Start of DATA EXCERPTS

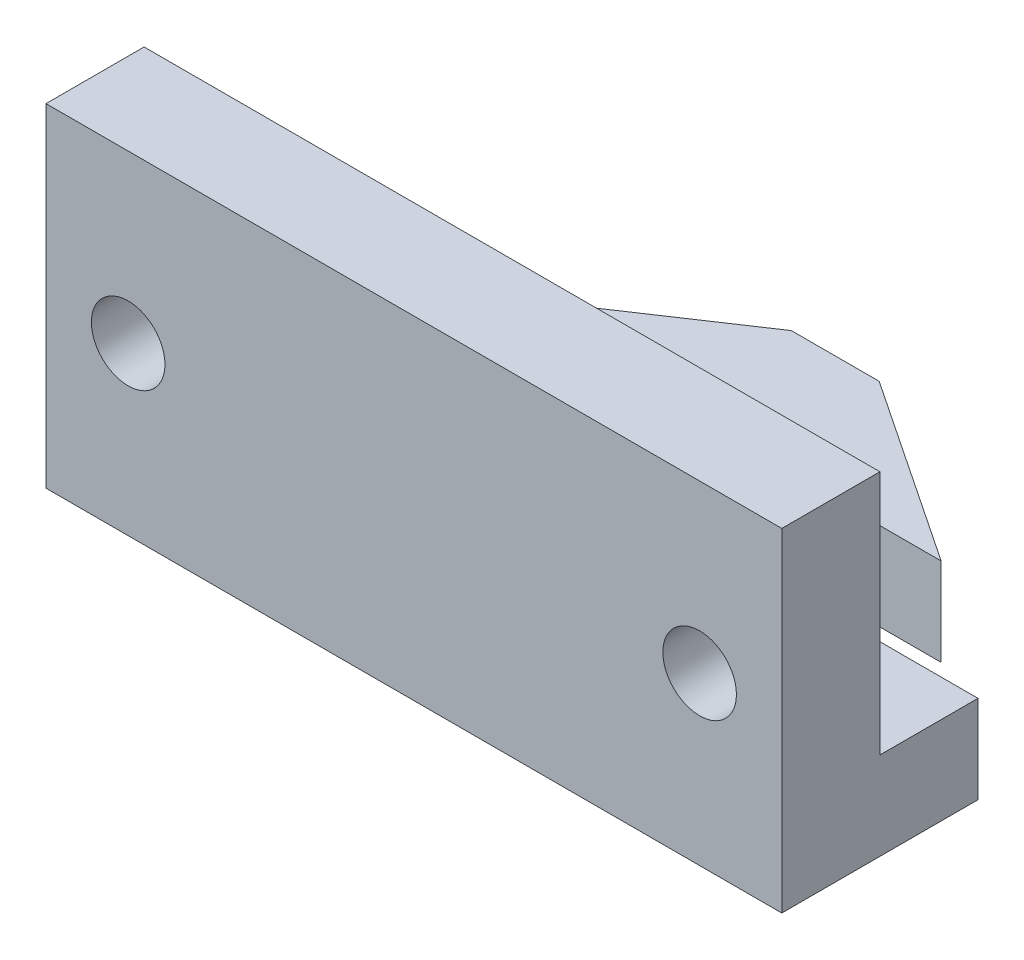
from build123d import *

# Parameters (mm, degrees)
BOSS_EXTRUDE1_DEPTH = 3.5814
SKETCH2_W           = 30
SKETCH2_H           = 4
BOSS_EXTRUDE2_DEPTH = 10
SKETCH3_R           = 1.5
CUT_EXTRUDE1_DEPTH  = 10.05


with BuildPart() as part:
    # Sketch1 → Boss-Extrude1 (new body)
    with BuildSketch(Plane(origin=(0, 0, 0), x_dir=(1, 0, 0), z_dir=(0, 1, 0))):
        Polygon((-15, -10.05), (15, -10.05), (15, -2.05), (1.7907, -2.05), (1.7907, 2.05), (9.398, 2.05), (1.7907, 7.13), (-1.7907, 7.13), (-9.398, 2.05), (-1.7907, 2.05), (-1.7907, -2.05), (-15, -2.05), align=None)
    extrude(amount=BOSS_EXTRUDE1_DEPTH)

    # Sketch2 → Boss-Extrude2 (add)
    with BuildSketch(Plane(origin=(0, 3.5814, 0), x_dir=(1, 0, 0), z_dir=(0, 1, 0))):
        with Locations((0, -8.05)):
            Rectangle(SKETCH2_W, SKETCH2_H)
    extrude(amount=BOSS_EXTRUDE2_DEPTH)

    # Sketch3 → Cut-Extrude1 (cut)
    with BuildSketch(Plane.XY.offset(10.05)):
        with Locations((-11.65, 6.7907)):
            Circle(SKETCH3_R)
        with Locations((11.65, 6.7907)):
            Circle(SKETCH3_R)
    extrude(amount=-CUT_EXTRUDE1_DEPTH, mode=Mode.SUBTRACT)


solid = part.part
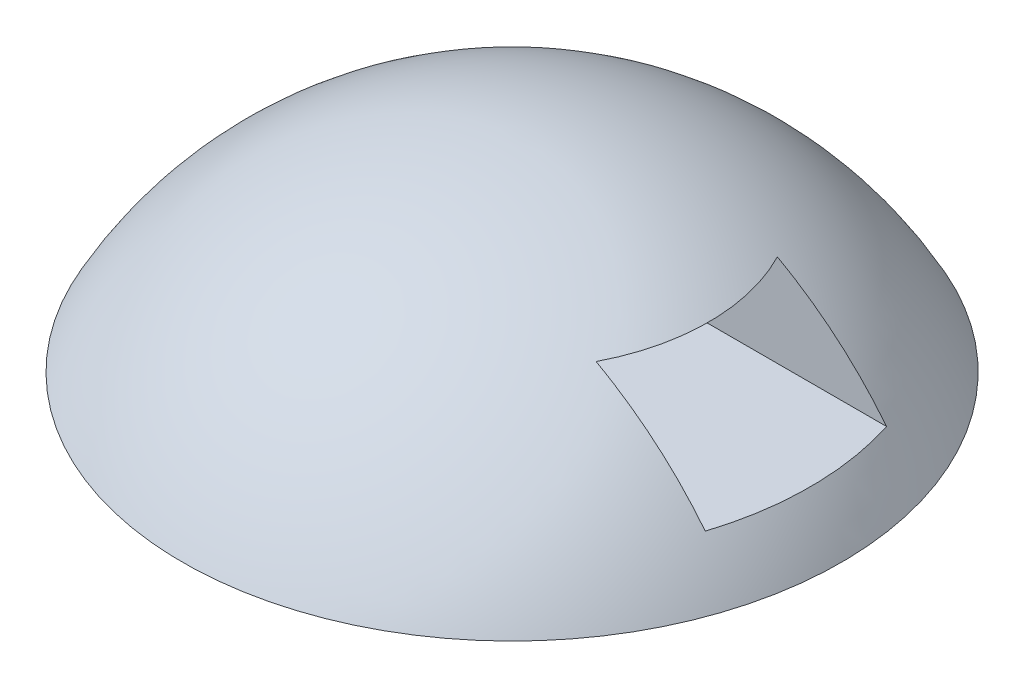
from build123d import *

# Parameters (mm, degrees)
CUT_EXTRUDE1_DEPTH       = 16.362291496
CUT_EXTRUDE1_DEPTH_BACK  = 5
SKETCH2_W                = 5.5
SKETCH2_H                = 2.8
M3_CLEARANCE_HOLE1_D     = 3.2
M3_CLEARANCE_HOLE1_DEPTH = 1.5
BOSS_EXTRUDE1_DEPTH      = 4.3


with BuildPart() as part:
    # Sketch1 → Revolve1 (revolve)
    with BuildSketch(Plane(origin=(0, 0, 0), x_dir=(0, 0, -1), z_dir=(1, 0, 0))):
        with BuildLine():
            Line((0, 0), (0, 6))
            ThreePointArc((0, 6), (5.830951895, 4.384919825), (10, 0))
            Line((10, 0), (0, 0))
        make_face()
    revolve(axis=Axis((0, 0, 0), (0, 1, 0)))

    # Sketch2 → Cut-Extrude1 (cut, two sides: drawn at the far end of the back side and taken through both)
    with BuildSketch(Plane(origin=(0, 0, 0), x_dir=(0, 0, -1), z_dir=(1, 0, 0)).offset(-CUT_EXTRUDE1_DEPTH_BACK)):
        with Locations((0, 2.9)):
            Rectangle(SKETCH2_W, SKETCH2_H)
    extrude(amount=CUT_EXTRUDE1_DEPTH + CUT_EXTRUDE1_DEPTH_BACK, mode=Mode.SUBTRACT)

    # M3 Clearance Hole1
    with Locations(Plane(origin=(0, 0, 0), x_dir=(-1, 0, 0), z_dir=(0, -1, 0))):
        with Locations((0, 0)):
            Hole(M3_CLEARANCE_HOLE1_D / 2, depth=M3_CLEARANCE_HOLE1_DEPTH)

    # Sketch11 → Boss-Extrude1 (add)
    with BuildSketch(Plane(origin=(0, 0, 0), x_dir=(1, 0, 0), z_dir=(0, 1, 0))):
        with BuildLine():
            Line((5.29913515, 2.75), (-1.703183294, 2.95))
            Line((-1.703183294, 2.95), (-3.406366588, 0))
            Line((-3.406366588, 0), (-1.703183294, -2.95))
            Line((-1.703183294, -2.95), (5.29913515, -2.75))
            ThreePointArc((5.29913515, -2.75), (-5.970203793, 0), (5.29913515, 2.75))
        make_face()
    extrude(amount=BOSS_EXTRUDE1_DEPTH)


solid = part.part

End of DATA EXCERPTS

**PROMPT**
Starting at the line that contains "# M3 Clearance Hole1", return every line through the last one above, exactly as written.

**RESULT OF THE EXERCISE**
    # M3 Clearance Hole1
    with Locations(Plane(origin=(0, 0, 0), x_dir=(-1, 0, 0), z_dir=(0, -1, 0))):
        with Locations((0, 0)):
            Hole(M3_CLEARANCE_HOLE1_D / 2, depth=M3_CLEARANCE_HOLE1_DEPTH)

    # Sketch11 → Boss-Extrude1 (add)
    with BuildSketch(Plane(origin=(0, 0, 0), x_dir=(1, 0, 0), z_dir=(0, 1, 0))):
        with BuildLine():
            Line((5.29913515, 2.75), (-1.703183294, 2.95))
            Line((-1.703183294, 2.95), (-3.406366588, 0))
            Line((-3.406366588, 0), (-1.703183294, -2.95))
            Line((-1.703183294, -2.95), (5.29913515, -2.75))
            ThreePointArc((5.29913515, -2.75), (-5.970203793, 0), (5.29913515, 2.75))
        make_face()
    extrude(amount=BOSS_EXTRUDE1_DEPTH)


solid = part.part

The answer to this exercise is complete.